There are good reasons to be careful of monkey-patching, especially monkey-
patching of built in classes, but they are essentially identical to the
reasons that you want to be careful of all global state. There are other forms
of metaprogramming, such as macros or templates, which are more local and
safe.

I guess the real issue is between "make potentially bad choices annoying and
difficult to use, so that programmers feel bad about using them," versus
"support all programming as well as possible, trusting the programmer to avoid
bad patterns." I think that the latter attitude is more realistic: a
determined bad programmer can write bad code even in Haskell or Ada or Java,
and sometimes those "bad" patterns are useful (e.g., gotos are a great way to
write a DFA).

------
akeefer
Metaprogramming is a sharp, sharp tool that many people are liable to cut
themselves with - it does lead to hard-to-understand and hard-to-debug code,
so you have to make sure the tradeoff is worth it.
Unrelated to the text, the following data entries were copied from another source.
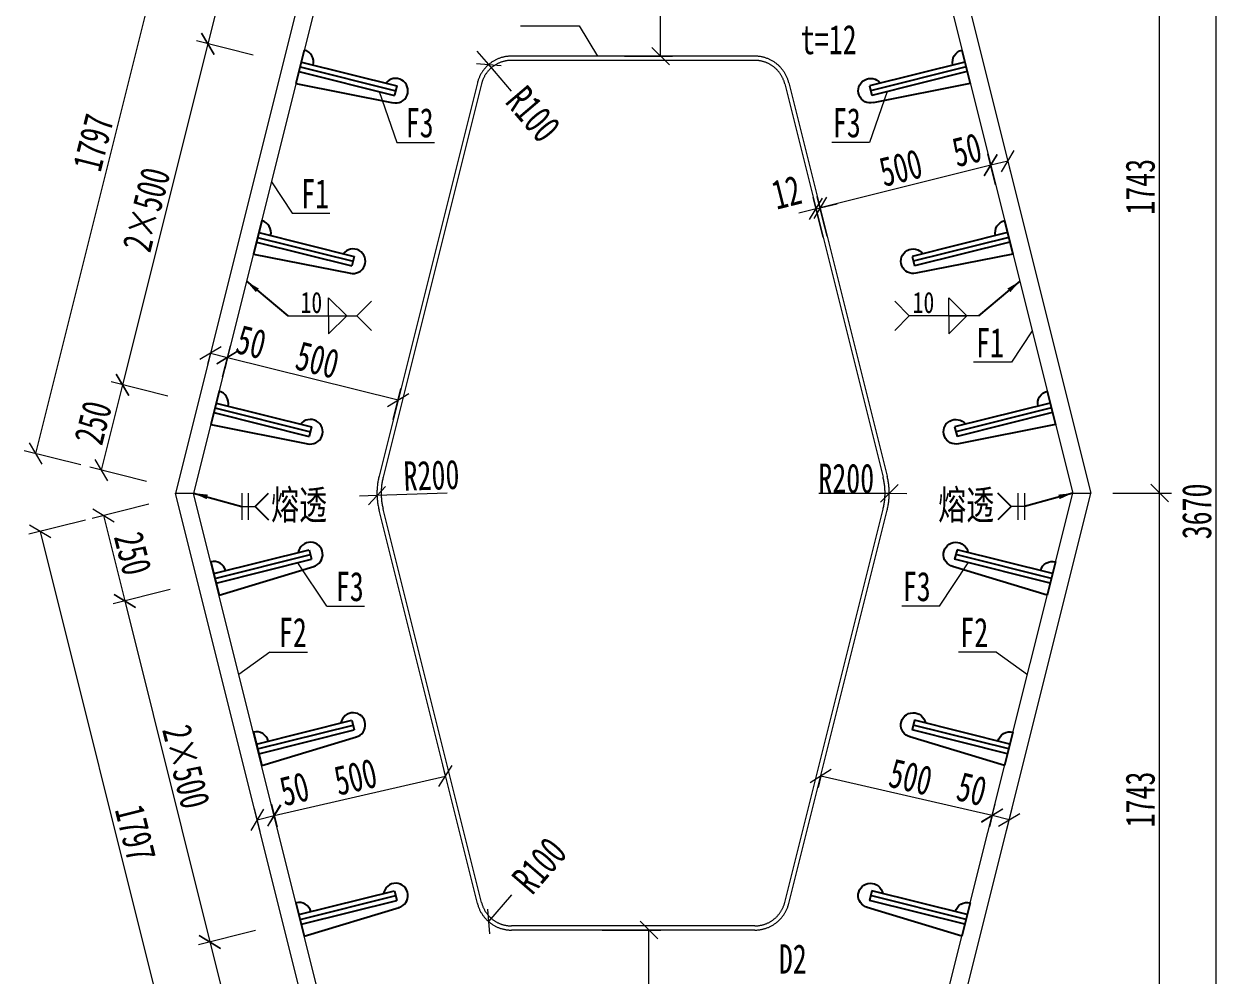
# Model space of a CAD drawing. Header units: millimetres. Extents: x -450182 to -147179, y 306993 to 695793.
# Drawn here: x -408475 to -405051, y 360109 to 362817 of the extents above; entities that cross this region are included whole.
import ezdxf
from ezdxf.enums import TextEntityAlignment as Align

# ---------------------------------------------------------------- set-up
doc = ezdxf.new("R2010")
doc.units = ezdxf.units.MM
doc.header["$PDMODE"] = 34
doc.linetypes.add('CENTER2', pattern=[28.575, 19.05, -3.175, 3.175, -3.175])
doc.layers.get('Defpoints').update_dxf_attribs({"color": 8})
for name, color, linetype, lineweight in [('标注', 4, 'Continuous', 13), ('横隔板', 6, 'CENTER2', 18), ('细实线', 4, 'Continuous', 15), ('钢板粗线', 1, 'Continuous', 25)]:
    doc.layers.add(name, color=color, linetype=linetype, lineweight=lineweight)
doc.layers.add('焊缝', color=7, linetype='Continuous')
doc.styles.add('111', font='仿宋_GB2312.ttf', dxfattribs={"width": 0.7})
doc.styles.add('SMEDI', font='仿宋_GB2312.ttf', dxfattribs={"width": 0.75})
doc.styles.get("Standard").update_dxf_attribs({"font": '仿宋_GB2312.ttf'})
doc.dimstyles.new('200', dxfattribs={"dimscale": 0, "dimtxt": 2.5, "dimasz": 1.5, "dimexe": 1, "dimexo": 1, "dimgap": 0.4, "dimtad": 1, "dimdec": 0, "dimdsep": 46, "dimtxsty": '111', "dimblk": 'OBLIQUE', "dimcen": 0, "dimclrd": 256, "dimclre": 256, "dimclrt": 256, "dimadec": 1, "dimazin": 2, "dimtfac": 1, "dimtdec": 0, "dimtmove": 2, "dimatfit": 3, "dimfxl": 4, "dimfxlon": 1, "dimtolj": 1, "dimlwd": -1, "dimlwe": -1, "dimarcsym": 0})
doc.dimstyles.new('MSteel_1.0_1.0', dxfattribs={"dimtxt": 3, "dimasz": 1.2, "dimexe": 1, "dimexo": 1, "dimgap": 1, "dimtad": 3, "dimtoh": 1, "dimdec": 0, "dimzin": 0, "dimdsep": 46, "dimtxsty": 'Standard', "dimblk": 'ARCHTICK', "dimcen": 0.09, "dimclrd": 3, "dimclre": 3, "dimadec": 0, "dimazin": 0, "dimtfac": 1, "dimtdec": 4, "dimtofl": 0, "dimtmove": 0, "dimatfit": 3, "dimfxl": 1, "dimtolj": 1, "dimtzin": 0, "dimarcsym": 0})

# ---------------------------------------------------------------- blocks, each defined once
blk = doc.blocks.new('_Oblique')
at = {"color": 0, "linetype": 'ByBlock', "lineweight": -2}
blk.add_line((-0.5, -0.5), (0.5, 0.5), dxfattribs=at)
blk = doc.blocks.new('*D693')
at = {"layer": 'Defpoints', "color": 0, "transparency": 16777216}
for p in [(-407637.2, 363635), (-407637.2, 363412.1), (-407992.8, 361668.7)]:
    blk.add_point(p, dxfattribs=at)
at = {"layer": '细实线', "transparency": 16777216}
for p, q in [((-407992.8, 363501.7), (-407992.8, 363668.3)), ((-407637.2, 363501.7), (-407637.2, 363668.3)), ((-407992.8, 363635), (-407637.2, 363635))]:
    blk.add_line(p, q, dxfattribs=at)
at = {"layer": '细实线', "transparency": 16777216, "xscale": 49.99999999999995, "yscale": 49.99999999999995, "zscale": 49.99999999999995, "rotation": 180}
blk.add_blockref('_Oblique', (-407992.8, 363635), dxfattribs=at)
at = {"layer": '细实线', "transparency": 16777216, "xscale": 49.99999999999995, "yscale": 49.99999999999995, "zscale": 49.99999999999995}
blk.add_blockref('_Oblique', (-407637.2, 363635), dxfattribs=at)
at = {"layer": '细实线', "transparency": 16777216, "insert": (-407815, 363690), "char_height": 83.33, "attachment_point": 5, "style": '111'}
blk.add_mtext('\\A1;356', dxfattribs=at)
blk = doc.blocks.new('*D694')
at = {"layer": 'Defpoints', "color": 0, "transparency": 16777216}
for p in [(-405492.9, 363635), (-405848.7, 363412.1), (-405492.9, 361669.1)]:
    blk.add_point(p, dxfattribs=at)
at = {"layer": '细实线', "transparency": 16777216}
for p, q in [((-405848.7, 363501.7), (-405848.7, 363668.3)), ((-405492.9, 363501.7), (-405492.9, 363668.3)), ((-405848.7, 363635), (-405492.9, 363635))]:
    blk.add_line(p, q, dxfattribs=at)
at = {"layer": '细实线', "transparency": 16777216, "xscale": 49.99999999999995, "yscale": 49.99999999999995, "zscale": 49.99999999999995, "rotation": 180}
blk.add_blockref('_Oblique', (-405848.7, 363635), dxfattribs=at)
at = {"layer": '细实线', "transparency": 16777216, "xscale": 49.99999999999995, "yscale": 49.99999999999995, "zscale": 49.99999999999995}
blk.add_blockref('_Oblique', (-405492.9, 363635), dxfattribs=at)
at = {"layer": '细实线', "transparency": 16777216, "insert": (-405670.8, 363690), "char_height": 83.33, "attachment_point": 5, "style": '111'}
blk.add_mtext('\\A1;356', dxfattribs=at)
blk = doc.blocks.new('*D695')
at = {"layer": 'Defpoints', "color": 0, "transparency": 16777216}
for p in [(-405492.9, 361482.6), (-405245.6, 361482.6), (-405928.7, 359739.6)]:
    blk.add_point(p, dxfattribs=at)
at = {"layer": '细实线', "transparency": 16777216}
for p, q in [((-405378.9, 361482.6), (-405212.3, 361482.6)), ((-405245.6, 359739.6), (-405245.6, 361482.6)), ((-405378.9, 359739.6), (-405212.3, 359739.6))]:
    blk.add_line(p, q, dxfattribs=at)
at = {"layer": '细实线', "transparency": 16777216, "xscale": 49.99999999999995, "yscale": 49.99999999999995, "zscale": 49.99999999999995}
for p, rotation in [((-405245.6, 361482.6), 90), ((-405245.6, 359739.6), 270)]:
    blk.add_blockref('_Oblique', p, dxfattribs=dict(at, rotation=rotation))
at = {"layer": '细实线', "transparency": 16777216, "insert": (-405300.6, 360611.1), "char_height": 83.33, "attachment_point": 5, "rotation": 90, "style": '111'}
blk.add_mtext('\\A1;1743', dxfattribs=at)
blk = doc.blocks.new('*D696')
at = {"layer": 'Defpoints', "color": 0, "transparency": 16777216}
for p in [(-405928.7, 363225.6), (-405245.6, 363225.6), (-405492.9, 361482.6)]:
    blk.add_point(p, dxfattribs=at)
at = {"layer": '细实线', "transparency": 16777216}
for p, q in [((-405378.9, 363225.6), (-405212.3, 363225.6)), ((-405245.6, 361482.6), (-405245.6, 363225.6)), ((-405378.9, 361482.6), (-405212.3, 361482.6))]:
    blk.add_line(p, q, dxfattribs=at)
at = {"layer": '细实线', "transparency": 16777216, "xscale": 49.99999999999995, "yscale": 49.99999999999995, "zscale": 49.99999999999995}
for p, rotation in [((-405245.6, 363225.6), 90), ((-405245.6, 361482.6), 270)]:
    blk.add_blockref('_Oblique', p, dxfattribs=dict(at, rotation=rotation))
at = {"layer": '细实线', "transparency": 16777216, "insert": (-405300.6, 362354.1), "char_height": 83.33, "attachment_point": 5, "rotation": 90, "style": '111'}
blk.add_mtext('\\A1;1743', dxfattribs=at)
blk = doc.blocks.new('*D744')
at = {"layer": 'Defpoints', "color": 0, "transparency": 16777216}
for p in [(-406801, 363225.6), (-406664.6, 363225.6), (-406801, 362725.6)]:
    blk.add_point(p, dxfattribs=at)
at = {"layer": '细实线', "transparency": 16777216}
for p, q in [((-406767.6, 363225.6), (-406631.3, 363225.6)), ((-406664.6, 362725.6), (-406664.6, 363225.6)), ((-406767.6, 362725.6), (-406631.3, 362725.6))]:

As with any such tool, you
just need to use it with restraint.

I've personally come to the conclusion that without metaprogramming you really
can't write decent frameworks; even Java frameworks tend to use reflection and
even run-time code generation, and I think the lack of more capable
metaprogramming abilities in Java is one reason frameworks in Ruby, Python,
etc. are more user-friendly. Frameworks are crucial these days, so I think
metaprogramming is also essential to a language. It's just something that
ideally would be used only in cases, like frameworks, where only a few people
have to actually understand and debug it and a large number of people can
leverage that work.

------
harshavr
The thing that the original article(by atwood) seems to be complaining about
is not actually metaprogramming. It seems more like the standard gripe that
functional programmers have about state, even though it is not phrased that
way.

He is objecting to dynamically changing some of the methods in the string
class leading to subtle bugs as some code is written assuming the old string
class and some using the new string class. Pheraps just explicitly define a
separate custom-string class, or as he points out use mixins.

------
gruseom
Isn't Atwood one of the types who get all indignant about the "Blub" argument?
Maybe he should think twice before utterly confirming it.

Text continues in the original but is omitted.